Data to use

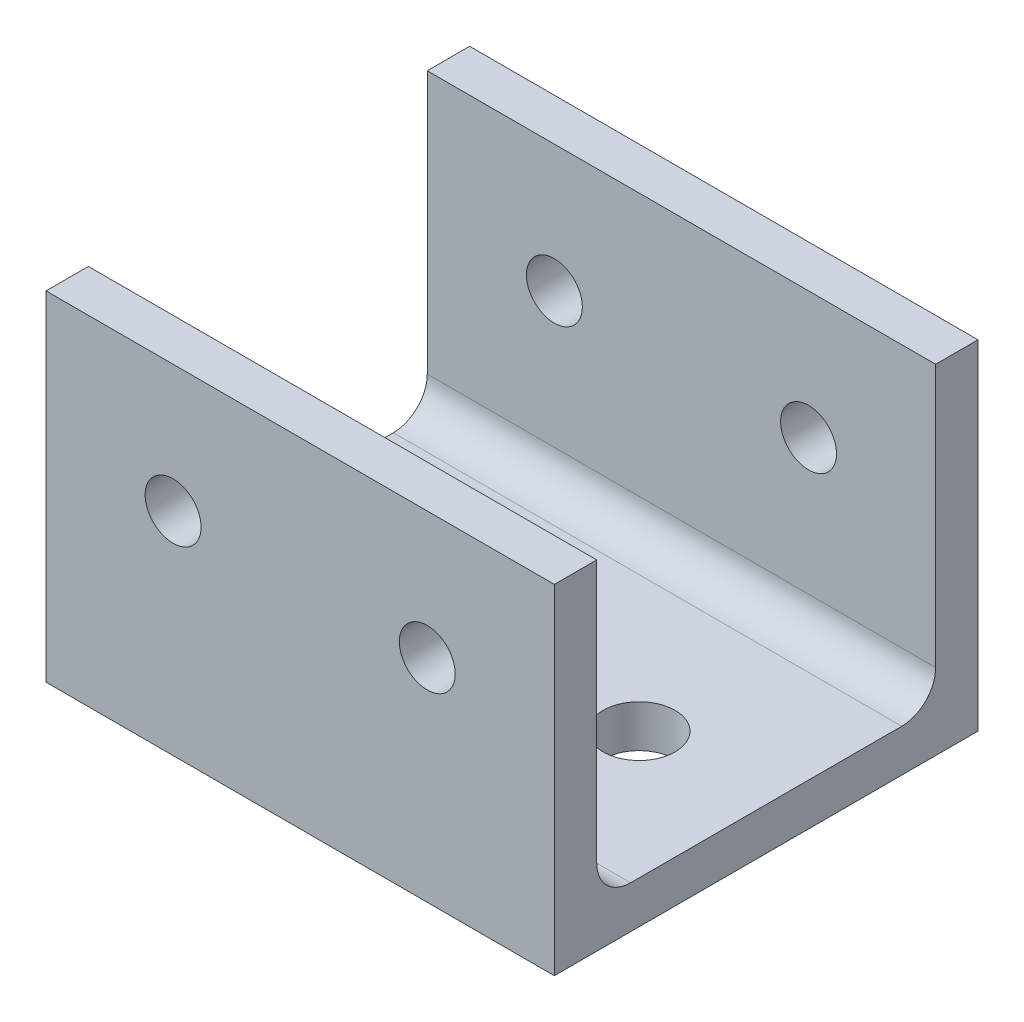
ISO-10303-21;
HEADER;
FILE_DESCRIPTION(('STEP AP214'),'2;1');
FILE_NAME('part.step','',(''),(''),'','','');
FILE_SCHEMA(('AUTOMOTIVE_DESIGN { 1 0 10303 214 1 1 1 1 }'));
ENDSEC;
DATA;
#1=APPLICATION_CONTEXT('core data for automotive mechanical design processes');
#2=APPLICATION_PROTOCOL_DEFINITION('international standard','automotive_design',2000,#1);
#3=PRODUCT_CONTEXT('',#1,'mechanical');
#4=PRODUCT('Part','Part','',(#3));
#5=PRODUCT_RELATED_PRODUCT_CATEGORY('part','',(#4));
#6=PRODUCT_DEFINITION_FORMATION('','',#4);
#7=PRODUCT_DEFINITION_CONTEXT('part definition',#1,'design');
#8=PRODUCT_DEFINITION('design','',#6,#7);
#9=PRODUCT_DEFINITION_SHAPE('','',#8);
#10=(LENGTH_UNIT() NAMED_UNIT(*) SI_UNIT(.MILLI.,.METRE.));
#11=(NAMED_UNIT(*) PLANE_ANGLE_UNIT() SI_UNIT($,.RADIAN.));
#12=(NAMED_UNIT(*) SI_UNIT($,.STERADIAN.) SOLID_ANGLE_UNIT());
#13=UNCERTAINTY_MEASURE_WITH_UNIT(LENGTH_MEASURE(1.E-05),#10,'distance_accuracy_value','');
#14=(GEOMETRIC_REPRESENTATION_CONTEXT(3) GLOBAL_UNCERTAINTY_ASSIGNED_CONTEXT((#13)) GLOBAL_UNIT_ASSIGNED_CONTEXT((#10,
#11,#12)) REPRESENTATION_CONTEXT('',''));
#15=CARTESIAN_POINT('',(0.,0.,0.));
#16=DIRECTION('',(0.,0.,1.));
#17=DIRECTION('',(1.,0.,0.));
#18=AXIS2_PLACEMENT_3D('',#15,#16,#17);
#19=CARTESIAN_POINT('',(60.,40.,0.));
#20=DIRECTION('',(0.,0.,-1.));
#21=DIRECTION('',(-1.,0.,0.));
#22=AXIS2_PLACEMENT_3D('',#19,#20,#21);
#23=PLANE('',#22);
#24=CARTESIAN_POINT('',(15.,25.,0.));
#25=DIRECTION('',(0.,0.,1.));
#26=DIRECTION('',(1.,0.,0.));
#27=AXIS2_PLACEMENT_3D('',#24,#25,#26);
#28=CIRCLE('',#27,3.3);
#29=CARTESIAN_POINT('',(18.3,25.,0.));
#30=VERTEX_POINT('',#29);
#31=EDGE_CURVE('E246',#30,#30,#28,.T.);
#32=ORIENTED_EDGE('',*,*,#31,.F.);
#33=EDGE_LOOP('',(#32));
#34=FACE_BOUND('',#33,.T.);
#35=CARTESIAN_POINT('',(45.,25.,0.));
#36=DIRECTION('',(0.,0.,1.));
#37=DIRECTION('',(1.,0.,0.));
#38=AXIS2_PLACEMENT_3D('',#35,#36,#37);
#39=CIRCLE('',#38,3.3);
#40=CARTESIAN_POINT('',(48.3,25.,0.));
#41=VERTEX_POINT('',#40);
#42=EDGE_CURVE('E240',#41,#41,#39,.T.);
#43=ORIENTED_EDGE('',*,*,#42,.F.);
#44=EDGE_LOOP('',(#43));
#45=FACE_BOUND('',#44,.T.);
#46=DIRECTION('',(0.,-1.,0.));
#47=VECTOR('',#46,1.);
#48=CARTESIAN_POINT('',(0.,40.,0.));
#49=LINE('',#48,#47);
#50=CARTESIAN_POINT('',(0.,40.,0.));
#51=VERTEX_POINT('',#50);
#52=CARTESIAN_POINT('',(0.,0.,0.));
#53=VERTEX_POINT('',#52);
#54=EDGE_CURVE('E137',#51,#53,#49,.T.);
#55=ORIENTED_EDGE('',*,*,#54,.T.);
#56=DIRECTION('',(-1.,0.,0.));
#57=VECTOR('',#56,1.);
#58=CARTESIAN_POINT('',(60.,0.,0.));
#59=LINE('',#58,#57);
#60=CARTESIAN_POINT('',(60.,0.,0.));
#61=VERTEX_POINT('',#60);
#62=EDGE_CURVE('E118',#61,#53,#59,.T.);
#63=ORIENTED_EDGE('',*,*,#62,.F.);
#64=DIRECTION('',(0.,-1.,0.));
#65=VECTOR('',#64,1.);
#66=CARTESIAN_POINT('',(60.,40.,0.));
#67=LINE('',#66,#65);
#68=CARTESIAN_POINT('',(60.,40.,0.));
#69=VERTEX_POINT('',#68);
#70=EDGE_CURVE('E125',#69,#61,#67,.T.);
#71=ORIENTED_EDGE('',*,*,#70,.F.);
#72=DIRECTION('',(-1.,0.,0.));
#73=VECTOR('',#72,1.);
#74=CARTESIAN_POINT('',(60.,40.,0.));
#75=LINE('',#74,#73);
#76=EDGE_CURVE('E204',#69,#51,#75,.T.);
#77=ORIENTED_EDGE('',*,*,#76,.T.);
#78=EDGE_LOOP('',(#55,#63,#71,#77));
#79=FACE_BOUND('',#78,.T.);
#80=ADVANCED_FACE('F37',(#34,#45,#79),#23,.F.);
#81=CARTESIAN_POINT('',(60.,0.,0.));
#82=DIRECTION('',(0.,1.,0.));
#83=DIRECTION('',(0.,0.,1.));
#84=AXIS2_PLACEMENT_3D('',#81,#82,#83);
#85=PLANE('',#84);
#86=CARTESIAN_POINT('',(15.,0.,-25.));
#87=DIRECTION('',(0.,1.,0.));
#88=DIRECTION('',(0.,0.,1.));
#89=AXIS2_PLACEMENT_3D('',#86,#87,#88);
#90=CIRCLE('',#89,4.25);
#91=CARTESIAN_POINT('',(15.,0.,-20.75));
#92=VERTEX_POINT('',#91);
#93=EDGE_CURVE('E151',#92,#92,#90,.T.);
#94=ORIENTED_EDGE('',*,*,#93,.T.);
#95=EDGE_LOOP('',(#94));
#96=FACE_BOUND('',#95,.T.);
#97=CARTESIAN_POINT('',(45.,0.,-25.));
#98=DIRECTION('',(0.,1.,0.));
#99=DIRECTION('',(0.,0.,1.));
#100=AXIS2_PLACEMENT_3D('',#97,#98,#99);
#101=CIRCLE('',#100,4.25);
#102=CARTESIAN_POINT('',(45.,0.,-20.75));
#103=VERTEX_POINT('',#102);
#104=EDGE_CURVE('E231',#103,#103,#101,.T.);
#105=ORIENTED_EDGE('',*,*,#104,.T.);
#106=EDGE_LOOP('',(#105));
#107=FACE_BOUND('',#106,.T.);
#108=DIRECTION('',(0.,0.,-1.));
#109=VECTOR('',#108,1.);
#110=CARTESIAN_POINT('',(0.,0.,0.));
#111=LINE('',#110,#109);
#112=CARTESIAN_POINT('',(0.,0.,-50.));
#113=VERTEX_POINT('',#112);
#114=EDGE_CURVE('E220',#53,#113,#111,.T.);
#115=ORIENTED_EDGE('',*,*,#114,.T.);
#116=DIRECTION('',(-1.,0.,0.));
#117=VECTOR('',#116,1.);
#118=CARTESIAN_POINT('',(60.,0.,-50.));
#119=LINE('',#118,#117);
#120=CARTESIAN_POINT('',(60.,0.,-50.));
#121=VERTEX_POINT('',#120);
#122=EDGE_CURVE('E121',#121,#113,#119,.T.);
#123=ORIENTED_EDGE('',*,*,#122,.F.);
#124=DIRECTION('',(0.,0.,-1.));
#125=VECTOR('',#124,1.);
#126=CARTESIAN_POINT('',(60.,0.,0.));
#127=LINE('',#126,#125);
#128=EDGE_CURVE('E114',#61,#121,#127,.T.);
#129=ORIENTED_EDGE('',*,*,#128,.F.);
#130=ORIENTED_EDGE('',*,*,#62,.T.);
#131=EDGE_LOOP('',(#115,#123,#129,#130));
#132=FACE_BOUND('',#131,.T.);
#133=ADVANCED_FACE('F116',(#96,#107,#132),#85,.F.);
#134=CARTESIAN_POINT('',(60.,0.,-50.));
#135=DIRECTION('',(0.,0.,1.));
#136=DIRECTION('',(1.,0.,0.));
#137=AXIS2_PLACEMENT_3D('',#134,#135,#136);
#138=PLANE('',#137);
#139=CARTESIAN_POINT('',(15.,25.,-50.));
#140=DIRECTION('',(0.,0.,1.));
#141=DIRECTION('',(1.,0.,0.));
#142=AXIS2_PLACEMENT_3D('',#139,#140,#141);
#143=CIRCLE('',#142,3.3);
#144=CARTESIAN_POINT('',(18.3,25.,-50.));
#145=VERTEX_POINT('',#144);
#146=EDGE_CURVE('E158',#145,#145,#143,.T.);
#147=ORIENTED_EDGE('',*,*,#146,.T.);
#148=EDGE_LOOP('',(#147));
#149=FACE_BOUND('',#148,.T.);
#150=CARTESIAN_POINT('',(45.,25.,-50.));
#151=DIRECTION('',(0.,0.,1.));
#152=DIRECTION('',(1.,0.,0.));
#153=AXIS2_PLACEMENT_3D('',#150,#151,#152);
#154=CIRCLE('',#153,3.3);
#155=CARTESIAN_POINT('',(48.3,25.,-50.));
#156=VERTEX_POINT('',#155);
#157=EDGE_CURVE('E243',#156,#156,#154,.T.);
#158=ORIENTED_EDGE('',*,*,#157,.T.);
#159=EDGE_LOOP('',(#158));
#160=FACE_BOUND('',#159,.T.);
#161=DIRECTION('',(0.,1.,0.));
#162=VECTOR('',#161,1.);
#163=CARTESIAN_POINT('',(0.,0.,-50.));
#164=LINE('',#163,#162);
#165=CARTESIAN_POINT('',(0.,40.,-50.));
#166=VERTEX_POINT('',#165);
#167=EDGE_CURVE('E219',#113,#166,#164,.T.);
#168=ORIENTED_EDGE('',*,*,#167,.T.);
#169=DIRECTION('',(-1.,0.,0.));
#170=VECTOR('',#169,1.);
#171=CARTESIAN_POINT('',(60.,40.,-50.));
#172=LINE('',#171,#170);
#173=CARTESIAN_POINT('',(60.,40.,-50.));
#174=VERTEX_POINT('',#173);
#175=EDGE_CURVE('E143',#174,#166,#172,.T.);
#176=ORIENTED_EDGE('',*,*,#175,.F.);
#177=DIRECTION('',(0.,1.,0.));
#178=VECTOR('',#177,1.);
#179=CARTESIAN_POINT('',(60.,0.,-50.));
#180=LINE('',#179,#178);
#181=EDGE_CURVE('E124',#121,#174,#180,.T.);
#182=ORIENTED_EDGE('',*,*,#181,.F.);
#183=ORIENTED_EDGE('',*,*,#122,.T.);
#184=EDGE_LOOP('',(#168,#176,#182,#183));
#185=FACE_BOUND('',#184,.T.);
#186=ADVANCED_FACE('F252',(#149,#160,#185),#138,.F.);
#187=CARTESIAN_POINT('',(60.,40.,-50.));
#188=DIRECTION('',(0.,-1.,0.));
#189=DIRECTION('',(0.,0.,-1.));
#190=AXIS2_PLACEMENT_3D('',#187,#188,#189);
#191=PLANE('',#190);
#192=DIRECTION('',(0.,0.,1.));
#193=VECTOR('',#192,1.);
#194=CARTESIAN_POINT('',(0.,40.,-50.));
#195=LINE('',#194,#193);
#196=CARTESIAN_POINT('',(0.,40.,-45.));
#197=VERTEX_POINT('',#196);
#198=EDGE_CURVE('E199',#166,#197,#195,.T.);
#199=ORIENTED_EDGE('',*,*,#198,.T.);
#200=DIRECTION('',(-1.,0.,0.));
#201=VECTOR('',#200,1.);
#202=CARTESIAN_POINT('',(60.,40.,-45.));
#203=LINE('',#202,#201);
#204=CARTESIAN_POINT('',(60.,40.,-45.));
#205=VERTEX_POINT('',#204);
#206=EDGE_CURVE('E207',#205,#197,#203,.T.);
#207=ORIENTED_EDGE('',*,*,#206,.F.);
#208=DIRECTION('',(0.,0.,1.));
#209=VECTOR('',#208,1.);
#210=CARTESIAN_POINT('',(60.,40.,-50.));
#211=LINE('',#210,#209);
#212=EDGE_CURVE('E216',#174,#205,#211,.T.);
#213=ORIENTED_EDGE('',*,*,#212,.F.);
#214=ORIENTED_EDGE('',*,*,#175,.T.);
#215=EDGE_LOOP('',(#199,#207,#213,#214));
#216=FACE_BOUND('',#215,.T.);
#217=ADVANCED_FACE('F214',(#216),#191,.F.);
#218=CARTESIAN_POINT('',(60.,40.,-45.));
#219=DIRECTION('',(0.,0.,-1.));
#220=DIRECTION('',(-1.,0.,0.));
#221=AXIS2_PLACEMENT_3D('',#218,#219,#220);
#222=PLANE('',#221);
#223=CARTESIAN_POINT('',(15.,25.,-45.));
#224=DIRECTION('',(0.,0.,-1.));
#225=DIRECTION('',(-1.,0.,0.));
#226=AXIS2_PLACEMENT_3D('',#223,#224,#225);
#227=CIRCLE('',#226,3.3);
#228=CARTESIAN_POINT('',(11.7,25.,-45.));
#229=VERTEX_POINT('',#228);
#230=EDGE_CURVE('E161',#229,#229,#227,.T.);
#231=ORIENTED_EDGE('',*,*,#230,.T.);
#232=EDGE_LOOP('',(#231));
#233=FACE_BOUND('',#232,.T.);
#234=CARTESIAN_POINT('',(45.,25.,-45.));
#235=DIRECTION('',(0.,0.,-1.));
#236=DIRECTION('',(-1.,0.,0.));
#237=AXIS2_PLACEMENT_3D('',#234,#235,#236);
#238=CIRCLE('',#237,3.3);
#239=CARTESIAN_POINT('',(41.7,25.,-45.));
#240=VERTEX_POINT('',#239);
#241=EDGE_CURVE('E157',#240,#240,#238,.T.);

The problem
Please copy the lines in the records above between the one holding "#24=CARTESIAN_POINT('',(15.,25.,0.));" and the one holding "#80=ADVANCED_FACE('F37',(#34,#45,#79),#23,.F.);", inclusive, exactly and with no other line.

Reply
#24=CARTESIAN_POINT('',(15.,25.,0.));
#25=DIRECTION('',(0.,0.,1.));
#26=DIRECTION('',(1.,0.,0.));
#27=AXIS2_PLACEMENT_3D('',#24,#25,#26);
#28=CIRCLE('',#27,3.3);
#29=CARTESIAN_POINT('',(18.3,25.,0.));
#30=VERTEX_POINT('',#29);
#31=EDGE_CURVE('E246',#30,#30,#28,.T.);
#32=ORIENTED_EDGE('',*,*,#31,.F.);
#33=EDGE_LOOP('',(#32));
#34=FACE_BOUND('',#33,.T.);
#35=CARTESIAN_POINT('',(45.,25.,0.));
#36=DIRECTION('',(0.,0.,1.));
#37=DIRECTION('',(1.,0.,0.));
#38=AXIS2_PLACEMENT_3D('',#35,#36,#37);
#39=CIRCLE('',#38,3.3);
#40=CARTESIAN_POINT('',(48.3,25.,0.));
#41=VERTEX_POINT('',#40);
#42=EDGE_CURVE('E240',#41,#41,#39,.T.);
#43=ORIENTED_EDGE('',*,*,#42,.F.);
#44=EDGE_LOOP('',(#43));
#45=FACE_BOUND('',#44,.T.);
#46=DIRECTION('',(0.,-1.,0.));
#47=VECTOR('',#46,1.);
#48=CARTESIAN_POINT('',(0.,40.,0.));
#49=LINE('',#48,#47);
#50=CARTESIAN_POINT('',(0.,40.,0.));
#51=VERTEX_POINT('',#50);
#52=CARTESIAN_POINT('',(0.,0.,0.));
#53=VERTEX_POINT('',#52);
#54=EDGE_CURVE('E137',#51,#53,#49,.T.);
#55=ORIENTED_EDGE('',*,*,#54,.T.);
#56=DIRECTION('',(-1.,0.,0.));
#57=VECTOR('',#56,1.);
#58=CARTESIAN_POINT('',(60.,0.,0.));
#59=LINE('',#58,#57);
#60=CARTESIAN_POINT('',(60.,0.,0.));
#61=VERTEX_POINT('',#60);
#62=EDGE_CURVE('E118',#61,#53,#59,.T.);
#63=ORIENTED_EDGE('',*,*,#62,.F.);
#64=DIRECTION('',(0.,-1.,0.));
#65=VECTOR('',#64,1.);
#66=CARTESIAN_POINT('',(60.,40.,0.));
#67=LINE('',#66,#65);
#68=CARTESIAN_POINT('',(60.,40.,0.));
#69=VERTEX_POINT('',#68);
#70=EDGE_CURVE('E125',#69,#61,#67,.T.);
#71=ORIENTED_EDGE('',*,*,#70,.F.);
#72=DIRECTION('',(-1.,0.,0.));
#73=VECTOR('',#72,1.);
#74=CARTESIAN_POINT('',(60.,40.,0.));
#75=LINE('',#74,#73);
#76=EDGE_CURVE('E204',#69,#51,#75,.T.);
#77=ORIENTED_EDGE('',*,*,#76,.T.);
#78=EDGE_LOOP('',(#55,#63,#71,#77));
#79=FACE_BOUND('',#78,.T.);
#80=ADVANCED_FACE('F37',(#34,#45,#79),#23,.F.);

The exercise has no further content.